* **THE TASK**: Go through the material line by line and copy each one with the word "ezdxf".

* **DATA RECORDS**:
··········

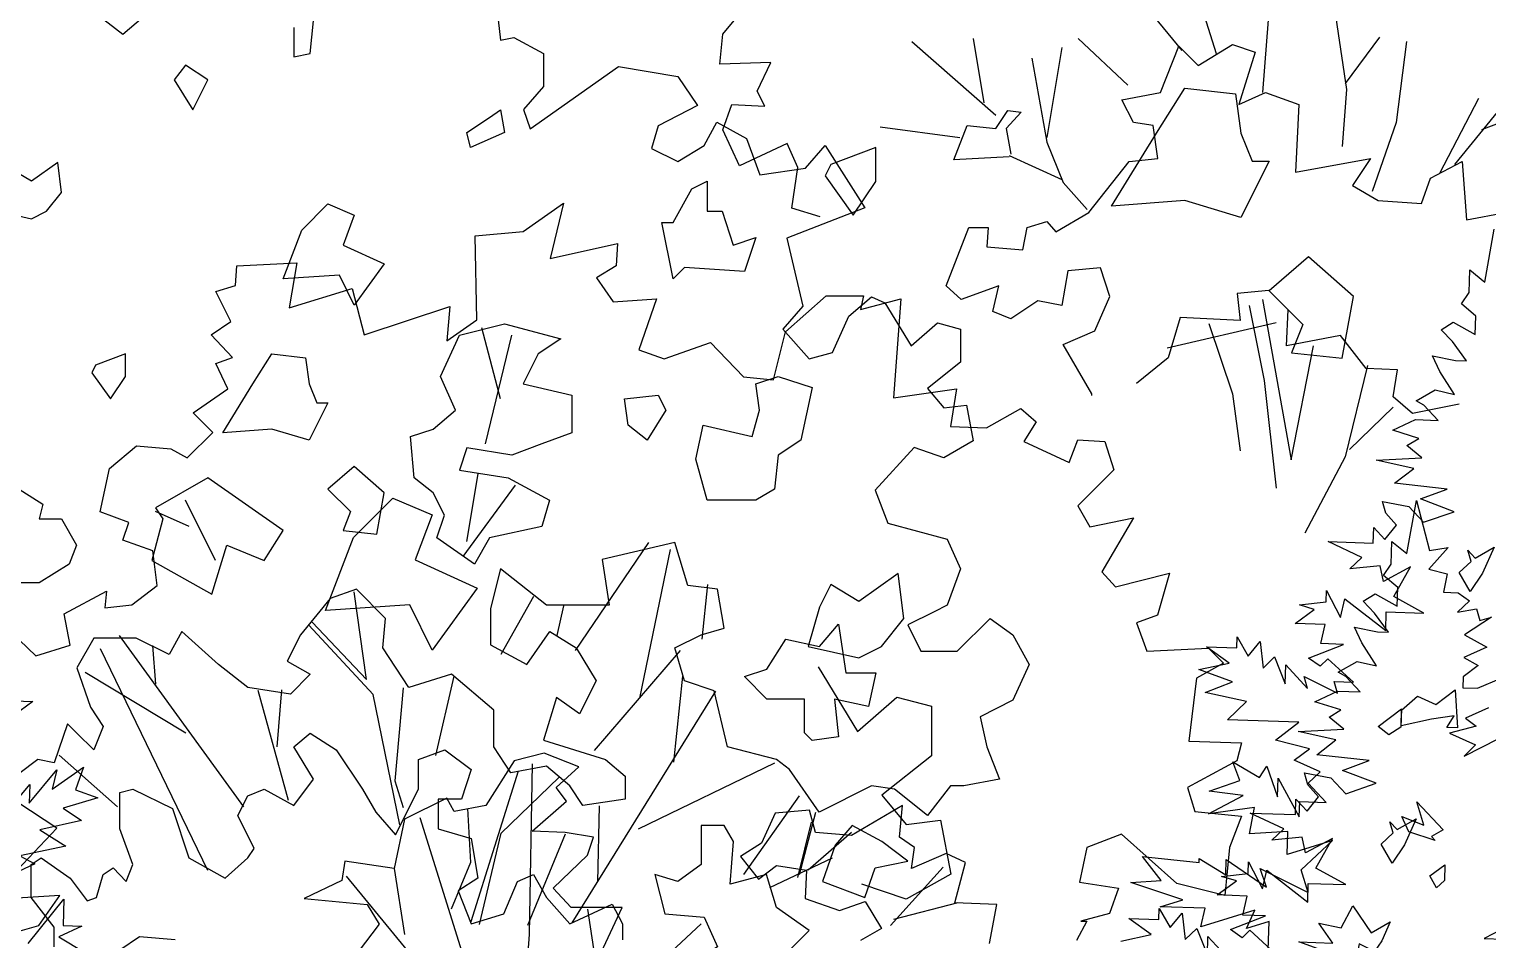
# Model space of a CAD drawing. Header units: inches. Extents: x -11 to 128, y 7 to 56.
# Drawn here: x 59.3175 to 59.7781, y 22.0786 to 22.3662 of the extents above; entities that cross this region are included whole.
import ezdxf

# ---------------------------------------------------------------- set-up
doc = ezdxf.new("R2010")
doc.units = ezdxf.units.IN
doc.header["$MEASUREMENT"] = 0
doc.layers.add('CAY', color=94, linetype='Continuous')
picture_1 = doc.add_image_def('image1.jpg', size_in_pixel=(1680, 1093))

# ---------------------------------------------------------------- blocks, each defined once
blk = doc.blocks.new('A$C76451831')
at = {"layer": 'CAY'}
for p, q in [((4444.1, 1242.4), (4462.6, 1228.2)), ((4725.9, 1244.3), (4728.3, 1223.9)), ((4462.6, 1228.2), (4476.7, 1240)), ((4582.9, 1232.9), (4582.9, 1212.1)), ((4594.3, 1214.4), (4596.6, 1237.6)), ((4728.3, 1223.9), (4737.7, 1225.8)), ((4737.7, 1225.8), (4758.6, 1214.4)), ((4582.9, 1212.1), (4594.3, 1214.4)), ((4758.6, 1214.4), (4758.6, 1191.2)), ((5192.6, 1187), (5205.3, 1219.7)), ((5205.3, 1219.7), (5219, 1206)), ((5219, 1206), (5243.2, 1220.8)), ((5243.2, 1220.8), (5259.1, 1215.5)), ((5259.1, 1215.5), (5247.5, 1178.6)), ((4749.1, 1161.4), (4811.2, 1205.4)), ((4811.2, 1205.4), (4852.9, 1198.3)), ((4758.6, 1191.2), (4744.4, 1175.1)), ((4852.9, 1198.3), (4866.7, 1177.9)), ((5165.2, 1181.8), (5192.6, 1187)), ((5173.6, 1165.9), (5165.2, 1181.8)), ((5247.5, 1178.6), (5266.4, 1187)), ((5266.4, 1187), (5289.7, 1178.6)), ((4744.4, 1175.1), (4749.1, 1161.4)), ((4866.7, 1177.9), (4839.1, 1163.7)), ((5289.7, 1178.6), (5287.5, 1131.1)), ((4839.1, 1163.7), (4834.4, 1147.6)), ((4871.4, 1149.9), (4880.4, 1166.1)), ((4880.4, 1166.1), (4901.2, 1154.7)), ((5187.3, 1163.8), (5173.6, 1165.9)), ((5190.5, 1140.6), (5187.3, 1163.8)), ((4852.9, 1138.5), (4871.4, 1149.9)), ((4901.2, 1154.7), (4910.7, 1129.1)), ((4942.9, 1133.8), (4956.7, 1149.9)), ((4956.7, 1149.9), (4984.6, 1105.9)), ((4834.4, 1147.6), (4852.9, 1138.5)), ((5170.5, 1138.5), (5190.5, 1140.6)), ((5287.5, 1131.1), (5340.3, 1140.6)), ((5340.3, 1140.6), (5327.6, 1121.6)), ((4910.7, 1129.1), (4942.9, 1133.8)), ((5142, 1102.7), (5170.5, 1138.5)), ((5382.5, 1126.9), (5404.6, 1138.5)), ((5404.6, 1138.5), (5407.8, 1097.4)), ((5327.6, 1121.6), (5345.5, 1111.1)), ((5376.1, 1109), (5382.5, 1126.9)), ((5345.5, 1111.1), (5376.1, 1109)), ((4984.6, 1105.9), (4929.6, 1084.7)), ((5118.8, 1089), (5142, 1102.7)), ((5407.8, 1097.4), (5435.2, 1102.7)), ((5057.6, 1092.1), (5071.3, 1092.1)), ((5071.3, 1092.1), (5070.3, 1078.4)), ((5095.6, 1076.3), (5098.8, 1092.1)), ((5098.8, 1092.1), (5112.5, 1096.3)), ((5112.5, 1096.3), (5118.8, 1089)), ((5420.6, 1053.6), (5427.3, 1091)), ((4929.6, 1084.7), (4941, 1036.7)), ((5070.3, 1078.4), (5095.6, 1076.3)), ((5409.5, 1046.3), (5410, 1062.2)), ((5410, 1062.2), (5420.6, 1053.6)), ((5268.6, 1047.8), (5246.4, 1045.7)), ((5282.3, 1034.1), (5268.6, 1047.8)), ((4941, 1036.7), (4926.8, 1020.6)), ((4973.2, 1029.6), (4989.3, 1043.4)), ((4989.3, 1043.4), (4998.7, 1039.1)), ((4998.7, 1039.1), (5017.2, 1008.8)), ((5246.4, 1045.7), (5248.5, 1026.7)), ((5404.2, 1038.3), (5409.5, 1046.3)), ((5414.3, 1029.8), (5404.2, 1038.3)), ((4961.8, 1004.1), (4973.2, 1029.6)), ((5206.3, 1028.8), (5197.9, 1000.4)), ((5248.5, 1026.7), (5206.3, 1028.8)), ((5281.2, 1008.8), (5282.3, 1034.1)), ((5413.9, 1016.7), (5414.3, 1029.8)), ((4728.3, 971.5), (4715.1, 1021.6)), ((4717.8, 939.8), (4736.3, 1016.3)), ((4926.8, 1020.6), (4945.3, 999.7)), ((5017.2, 1008.8), (5035.7, 1024.9)), ((5035.7, 1024.9), (5051.8, 1020.6)), ((5051.8, 1020.6), (5051.8, 997.4)), ((5273.8, 1025), (5197.2, 1007.3)), ((5319.2, 1016.2), (5281.2, 1008.8)), ((5337.1, 993), (5319.2, 1016.2)), ((5390, 1020.2), (5398.3, 1025.4)), ((5397.8, 1011.8), (5390, 1020.2)), ((5398.3, 1025.4), (5413.9, 1016.7)), ((5407.8, 998.3), (5397.8, 1011.8)), ((4945.3, 999.7), (4961.8, 1004.1)), ((5051.8, 997.4), (5028.6, 978.9)), ((5197.9, 1000.4), (5175.7, 982.4)), ((5389, 990.8), (5383.9, 1001.9)), ((5383.9, 1001.9), (5400.1, 998.6)), ((5400.1, 998.6), (5407.8, 998.3)), ((5359.3, 991.9), (5337.1, 993)), ((5356.1, 972.9), (5359.3, 991.9)), ((5399.3, 974.6), (5389, 990.8)), ((5028.6, 978.9), (5040, 965.1)), ((5372.4, 970.1), (5385.8, 977.8)), ((5385.8, 977.8), (5399.3, 974.6)), ((5040, 965.1), (5056.1, 967.1)), ((5056.1, 967.1), (5060.8, 941.9)), ((5369.8, 961.3), (5356.1, 972.9)), ((5402.5, 967.7), (5369.8, 961.3)), ((5377.7, 967.2), (5372.4, 970.1)), ((5387.7, 956.4), (5377.7, 967.2)), ((5355.8, 949.4), (5371.9, 957)), ((5371.9, 957), (5387.7, 956.4)), ((5374.2, 943.7), (5355.8, 949.4)), ((5019.2, 937.2), (4991.7, 907.3)), ((5040, 930.1), (5019.2, 937.2)), ((5060.8, 941.9), (5040, 930.1)), ((5365.8, 938.6), (5374.2, 943.7)), ((5376.4, 930.1), (5365.8, 938.6)), ((5344.2, 928.5), (5376.4, 930.1)), ((5370.7, 922.5), (5344.2, 928.5)), ((4704.6, 871.1), (4712.5, 918.7)), ((5357.2, 912.1), (5370.7, 922.5)), ((4701.9, 860.6), (4738.9, 910.7)), ((4991.7, 907.3), (5000.7, 884.1)), ((5394.2, 908.1), (5357.2, 912.1)), ((5375.4, 901.1), (5394.2, 908.1)), ((4527.8, 857.9), (4506.6, 900.2)), ((5351, 891), (5348.6, 899.3)), ((5348.6, 899.3), (5367.1, 895.9)), ((5367.1, 895.9), (5377.5, 884.7)), ((5399.1, 892.1), (5375.4, 901.1)), ((4509.3, 881.7), (4485.5, 892.2)), ((5000.7, 884.1), (5042.4, 872.7)), ((5350.4, 872.5), (5358.4, 882.6)), ((5358.4, 882.6), (5351, 891)), ((5377.5, 884.7), (5399.1, 892.1)), ((5042.4, 872.7), (5051.8, 851.9)), ((5342.1, 870.1), (5342.5, 880.9)), ((5342.5, 880.9), (5350.4, 872.5)), ((4781, 794.5), (4832.5, 870.4)), ((4850.9, 870.4), (4799.8, 858.6)), ((4826.2, 761), (4847.8, 865.6)), ((4860, 840.1), (4850.9, 870.4)), ((5310.5, 871.2), (5342.1, 870.1)), ((5334.1, 859.9), (5310.5, 871.2)), ((4728.3, 851.9), (4721.2, 824)), ((4760.5, 826.3), (4728.3, 851.9)), ((4799.8, 858.6), (4804.6, 826.3)), ((5051.8, 851.9), (5042.4, 826.3)), ((5325.6, 852), (5334.1, 859.9)), ((5347, 854), (5325.6, 852)), ((5349.4, 843.1), (5347, 854)), ((5368.3, 853.3), (5349.4, 843.1)), ((5356.7, 832.4), (5368.3, 853.3)), ((4626.9, 837.7), (4608.4, 831)), ((4634, 774), (4625.3, 835.7)), ((4647.3, 816.9), (4626.9, 837.7)), ((4728.6, 791.9), (4751.7, 832.8)), ((4880.8, 837.7), (4860, 840.1)), ((4870.1, 802.5), (4874.1, 840.9)), ((4885.5, 810.2), (4880.8, 837.7)), ((5309, 828.6), (5309.3, 836.7)), ((5309.3, 836.7), (5319, 817.8)), ((5377.6, 820.8), (5356.7, 832.4)), ((4608.4, 831), (4587.6, 805.5)), ((4721.2, 824), (4721.2, 798.4)), ((4804.6, 826.3), (4760.5, 826.3)), ((4768, 805.1), (4772.9, 825.9)), ((5033.3, 821.6), (5014.8, 812.5)), ((5042.4, 826.3), (5033.3, 821.6)), ((5287.1, 813.5), (5300.6, 823.4)), ((5290.3, 826.5), (5309, 828.6)), ((5300.6, 823.4), (5290.3, 826.5)), ((5319, 817.8), (5322.2, 830.9)), ((5322.2, 830.9), (5350.9, 808.5)), ((5350.9, 808.5), (5351.3, 821.7)), ((5351.3, 821.7), (5377.6, 820.8)), ((4638.7, 763.4), (4593.5, 812.2)), ((4595.8, 814.5), (4634, 774)), ((4645.4, 796.4), (4647.3, 816.9)), ((5014.8, 812.5), (5023.9, 794.1)), ((5049.4, 794.1), (5072.6, 816.9)), ((5072.6, 816.9), (5088.7, 805.5)), ((5308.4, 812.7), (5287.1, 813.5)), ((5305.2, 799.3), (5308.4, 812.7)), ((4442.1, 803.1), (4430.3, 782.3)), ((4472, 803.1), (4442.1, 803.1)), ((4547.7, 684.5), (4460.2, 805.1)), ((4495.2, 791.7), (4472, 803.1)), ((4504.2, 807.8), (4495.2, 791.7)), ((4529.8, 784.6), (4504.2, 807.8)), ((4587.6, 805.5), (4578.1, 787)), ((4746.8, 784.6), (4762.9, 807.8)), ((4762.9, 807.8), (4781.4, 796.4)), ((4850.9, 796.4), (4869.4, 805.5)), ((4869.4, 805.5), (4885.5, 810.2)), ((5088.7, 805.5), (5100.1, 784.6)), ((5246.2, 796.3), (5246.5, 804)), ((5246.5, 804), (5254.2, 790.6)), ((5254.2, 790.6), (5262.7, 800.7)), ((5262.7, 800.7), (5264.7, 782.1)), ((4522.3, 639.8), (4446.8, 795.6)), ((4485.8, 770.9), (4483.8, 797.9)), ((4663.8, 768.5), (4645.4, 796.4)), ((4721.2, 798.4), (4746.8, 784.6)), ((4781.4, 796.4), (4795.5, 773.2)), ((4794.3, 724.1), (4854.9, 794.5)), ((4857.6, 773.2), (4850.9, 796.4)), ((5023.9, 794.1), (5049.4, 794.1)), ((5240.9, 785.6), (5224.9, 797.1)), ((5224.9, 797.1), (5246.2, 796.3)), ((5296.7, 789.1), (5321.1, 798.7)), ((5321.1, 798.7), (5305.2, 799.3)), ((4430.3, 782.3), (4439.8, 754.7)), ((4550.6, 768.5), (4529.8, 784.6)), ((4578.1, 787), (4594.3, 777.9)), ((4951.7, 782.9), (4979.4, 737.5)), ((5100.1, 784.6), (5088.7, 759.5)), ((5219.4, 781), (5240.9, 785.6)), ((5243.1, 772.4), (5219.4, 781)), ((5264.7, 782.1), (5272.7, 790)), ((5272.7, 790), (5280.2, 771.1)), ((5280.2, 771.1), (5280.7, 784.3)), ((5280.7, 784.3), (5296, 767.8)), ((5304.7, 783.4), (5296.7, 789.1)), ((5310.3, 788.7), (5304.7, 783.4)), ((5328.3, 772.2), (5310.3, 788.7)), ((4507, 736.3), (4436.2, 779.1)), ((4594.3, 777.9), (4580.5, 763.8)), ((4693.7, 777.9), (4663.8, 768.5)), ((4682.7, 720.5), (4695.7, 776.4)), ((4723.6, 752.4), (4693.7, 777.9)), ((4795.5, 773.2), (4783.7, 750)), ((4850.1, 715.8), (4856.4, 776.4)), ((4878.5, 766.1), (4857.6, 773.2)), ((5223.8, 764.9), (5243.1, 772.4)), ((5296, 767.8), (5293.5, 776.1)), ((5293.5, 776.1), (5317.1, 764.4)), ((5314.7, 772.6), (5328.3, 772.2)), ((5317.1, 764.4), (5314.7, 772.6)), ((4580.5, 763.8), (4550.6, 768.5)), ((4579.1, 689), (4557.9, 766.3)), ((4571.1, 726.8), (4574.5, 766.9)), ((4657.5, 671.8), (4638.7, 763.4)), ((4659.9, 768.1), (4654, 702.8)), ((4767.6, 761.4), (4758.6, 731.5)), ((4783.7, 750), (4767.6, 761.4)), ((4778.7, 602.9), (4879.6, 765.8)), ((4887.9, 726.8), (4878.5, 766.1)), ((4979.4, 737.5), (5007.1, 761.7)), ((5007.1, 761.7), (5031.3, 755.2)), ((5088.7, 759.5), (5065.6, 747.7)), ((5253, 758.5), (5223.8, 764.9)), ((4439.8, 754.7), (4448.8, 741)), ((4723.6, 726.8), (4723.6, 752.4)), ((5031.3, 755.2), (5031.3, 720.4)), ((5239.5, 745.8), (5253, 758.5)), ((4423.7, 742.9), (4414.2, 715.4)), ((4430.3, 736.3), (4423.7, 742.9)), ((4448.8, 741), (4442.1, 724.5)), ((5065.6, 747.7), (5070.3, 726.8)), ((5289.7, 744), (5239.5, 745.8)), ((5273.4, 731.5), (5289.7, 744)), ((4442.1, 724.5), (4430.3, 736.3)), ((4758.6, 731.5), (4802.2, 717.8)), ((5297.2, 725.2), (5273.4, 731.5)), ((4458.8, 684.4), (4417.8, 720.8)), ((4735.4, 708.3), (4723.6, 726.8)), ((4922.5, 717.8), (4887.9, 726.8)), ((5031.3, 720.4), (4996.5, 692.7)), ((5070.3, 726.8), (5079.3, 704)), ((5286.5, 717.4), (5297.2, 725.2)), ((4402.8, 717.8), (4374.9, 696.9)), ((4414.2, 715.4), (4402.8, 717.8)), ((4707.6, 603.7), (4740.9, 709.9)), ((4760.5, 713.1), (4735.4, 708.3)), ((4777, 699.3), (4760.5, 713.1)), ((4802.2, 717.8), (4816, 706)), ((4825.4, 669), (4921.3, 715.4)), ((4931.5, 710.7), (4922.5, 717.8)), ((4952.3, 680.8), (4931.5, 710.7)), ((5248.4, 702.9), (5243.4, 716.2)), ((5243.4, 716.2), (5262.1, 705.1)), ((5262.1, 705.1), (5267.3, 713.1)), ((5267.3, 713.1), (5274.7, 691.5)), ((5304.8, 709.1), (5286.5, 717.4)), ((5296.4, 701.2), (5304.8, 709.1)), ((4654, 702.8), (4659.9, 684)), ((4728.7, 665.9), (4769.2, 705.2)), ((4786.1, 685.5), (4777, 699.3)), ((4816, 706), (4816, 689.9)), ((4989.3, 699.3), (4952.3, 680.8)), ((5005.4, 696.9), (4989.3, 699.3)), ((5044.7, 699.3), (5028.6, 678.5)), ((5054.2, 699.3), (5044.7, 699.3)), ((5079.3, 704), (5054.2, 699.3)), ((5226.8, 695.5), (5248.4, 702.9)), ((5274.7, 691.5), (5275.2, 704.7)), ((5275.2, 704.7), (5290.1, 677.4)), ((5309, 687.6), (5296.4, 701.2)), ((4816, 689.9), (4786.1, 685.5)), ((4899.3, 636.8), (4938.6, 692.2)), ((4996.5, 692.7), (5013.6, 672)), ((5028.6, 678.5), (5005.4, 696.9)), ((5226.3, 679.6), (5250.7, 692.4)), ((5250.7, 692.4), (5226.8, 695.5)), ((5290.1, 677.4), (5290.5, 688.3)), ((5290.5, 688.3), (5309, 687.6)), ((4796.7, 631.7), (4797.9, 685.1)), ((4938.6, 636.8), (4950, 680.8)), ((5258.6, 683.9), (5226.3, 679.6)), ((5255.2, 665.5), (5258.6, 683.9)), ((5013.6, 672), (5037.8, 675)), ((5037.8, 675), (5044.9, 637.2)), ((5282, 667.2), (5255.2, 665.5)), ((5281.5, 650.9), (5282, 667.2)), ((4713.4, 601.8), (4728.7, 665.9)), ((5313.5, 660.7), (5281.5, 650.9)), ((5291.5, 640.2), (5313.5, 660.7)), ((4917.8, 627.7), (4961.8, 648.6)), ((5179.9, 649.5), (5219.6, 645.4)), ((5192.9, 632.7), (5179.9, 649.5)), ((5219.6, 645.4), (5219.7, 648.1)), ((5219.7, 648.1), (5238.4, 636.6)), ((5238.4, 636.6), (5238.7, 647.4)), ((5238.7, 647.4), (5267.1, 627.9)), ((5044.9, 637.2), (5013.6, 619.5)), ((5262.5, 641.2), (5296.4, 624.1)), ((5267.1, 627.9), (5262.5, 641.2)), ((5296.4, 624.1), (5291.5, 640.2)), ((5013.6, 619.5), (4982.4, 630.1)), ((5171.6, 631.2), (5192.9, 632.7)), ((5208.3, 619), (5171.6, 631.2)), ((5192.3, 614.2), (5208.3, 619)), ((5224, 613.1), (5192.3, 614.2)), ((5220.8, 600), (5224, 613.1)), ((5258.8, 611.8), (5220.8, 600)), ((5252.9, 598.9), (5258.8, 611.8)), ((4834.4, 569.5), (4869.4, 602.2)), ((5268.9, 603.8), (5252.9, 598.9)), ((5268, 577.1), (5268.9, 603.8))]:
    blk.add_line(p, q, dxfattribs=at)
for points in [[(4953.2, 1099.5), (4933.2, 1105.8), (4937.4, 1134.3), (4930, 1151.2), (4896.3, 1135.4), (4884.7, 1160.7), (4891, 1178.6), (4914.2, 1177.5), (4908.9, 1188.1), (4918.4, 1208.1), (4882.5, 1207.1), (4884.7, 1228.2), (4910, 1258.8)], [(486.7, 908.5), (501.5, 912.7), (516.3, 933.8), (482.5, 931.7)], [(478.3, 943.3), (514.2, 981.3), (486.7, 999.2)], [(476.2, 1124.7), (499.4, 1102.6), (523.6, 1110), (519.4, 1132.1), (549, 1147.9), (547.9, 1136.3), (566.9, 1138.4), (584.8, 1152.1), (581.7, 1176.4), (560.6, 1183.8), (564.8, 1196.4), (544.7, 1203.8), (551.1, 1234.4), (570.1, 1250.2), (594.3, 1248.1), (605.9, 1241.8), (623.8, 1259.7), (610.1, 1273.4), (634.4, 1290.3), (625.9, 1308.2), (637.6, 1312.5), (622.8, 1328.3), (636.5, 1337.8), (625.9, 1358.9), (639.7, 1363.1), (640.7, 1376.8), (682.9, 1378.9), (677.6, 1347.3), (721.9, 1361), (730.4, 1328.3), (790.5, 1348.3), (788.4, 1324.1), (809.5, 1338.8), (808.4, 1397.9), (842.2, 1401.1), (870.6, 1421.1), (861.1, 1382.1), (908.6, 1392.6), (907.6, 1376.8), (893.8, 1368.4), (905.4, 1351.5), (936, 1353.6), (923.4, 1317.7), (941.3, 1311.4), (974, 1323), (997.2, 1298.7), (1018.3, 1296.6), (1026.7, 1330.4), (1055.2, 1355.7), (1081.6, 1355.7), (1079.5, 1346.2), (1107.9, 1353.6), (1102.7, 1284), (1147, 1290.3), (1142.7, 1263.9), (1168.1, 1262.9), (1192.3, 1276.6), (1202.9, 1267.1), (1194.4, 1253.4), (1226.1, 1238.6), (1232.4, 1254.5), (1251.4, 1253.4), (1257.7, 1233.4), (1232.4, 1208), (1240.8, 1193.3), (1271.4, 1199.6), (1249.3, 1161.6), (1258.8, 1151.1), (1296.7, 1160.6), (1288.3, 1131.1), (1273.5, 1125.8), (1280.9, 1105.7), (1324.2, 1107.9), (1334.7, 1097.3), (1315.7, 1086.8), (1310.4, 1042.5), (1347.4, 1041.4), (1344.2, 1028.7), (1309.4, 1009.8), (1314.7, 992.9), (1347.4, 989.7), (1338.9, 967.6), (1335.8, 933.8), (1302, 942.3), (1263, 977.1), (1238.7, 967.6), (1233.4, 943.3), (1260.9, 939.1), (1254.5, 921.2), (1234.5, 915.9), (1238.7, 915.9), (1231.3, 902.2)], [(5271.7, 1376.9), (5269.6, 1256.6), (5264.3, 1187)], [(5192.6, 1338.9), (5231.6, 1214.5)], [(5140.9, 1297.8), (5207.4, 1216.6)], [(5310.7, 1274.6), (5323.4, 1189.1), (5320.2, 1149.1)], [(5017.5, 1222.9), (5076.6, 1171.2)], [(5060.8, 1225), (5068.2, 1179.7)], [(5134.6, 1225), (5169.4, 1192.3)], [(5346.6, 1226.1), (5322.3, 1193.4)], [(5365.6, 1222.9), (5358.2, 1165.9), (5341.3, 1117.4)], [(1262.5, 901.7), (1284, 906.4), (1268.1, 917.8), (1289.3, 917.1), (1289.6, 924.8), (1297.3, 911.4), (1305.8, 921.5), (1307.9, 902.9), (1315.9, 910.7), (1323.4, 891.9), (1323.8, 905), (1339.1, 888.6)], [(1371.4, 892.9), (1353.4, 909.4), (1347.8, 904.2), (1339.8, 909.9), (1364.2, 919.5), (1348.4, 920), (1351.5, 933.5), (1330.3, 934.3), (1343.8, 944.2), (1333.4, 947.3), (1352.1, 949.4), (1352.4, 957.5), (1362.1, 938.6), (1365.3, 951.6), (1394, 929.3), (1394.4, 942.4), (1420.7, 941.5), (1399.8, 953.1), (1411.4, 974), (1392.5, 963.8), (1390.1, 974.8), (1368.8, 972.8), (1377.2, 980.7), (1353.6, 991.9), (1385.3, 990.8), (1385.6, 1001.7), (1393.5, 993.3), (1401.6, 1003.4), (1394.2, 1011.8), (1391.7, 1020.1), (1410.2, 1016.7), (1420.7, 1005.5), (1442.2, 1012.9), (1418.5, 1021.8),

··········

* **WRITTEN RESPONSE**:
import ezdxf
doc = ezdxf.new("R2010")
doc.units = ezdxf.units.IN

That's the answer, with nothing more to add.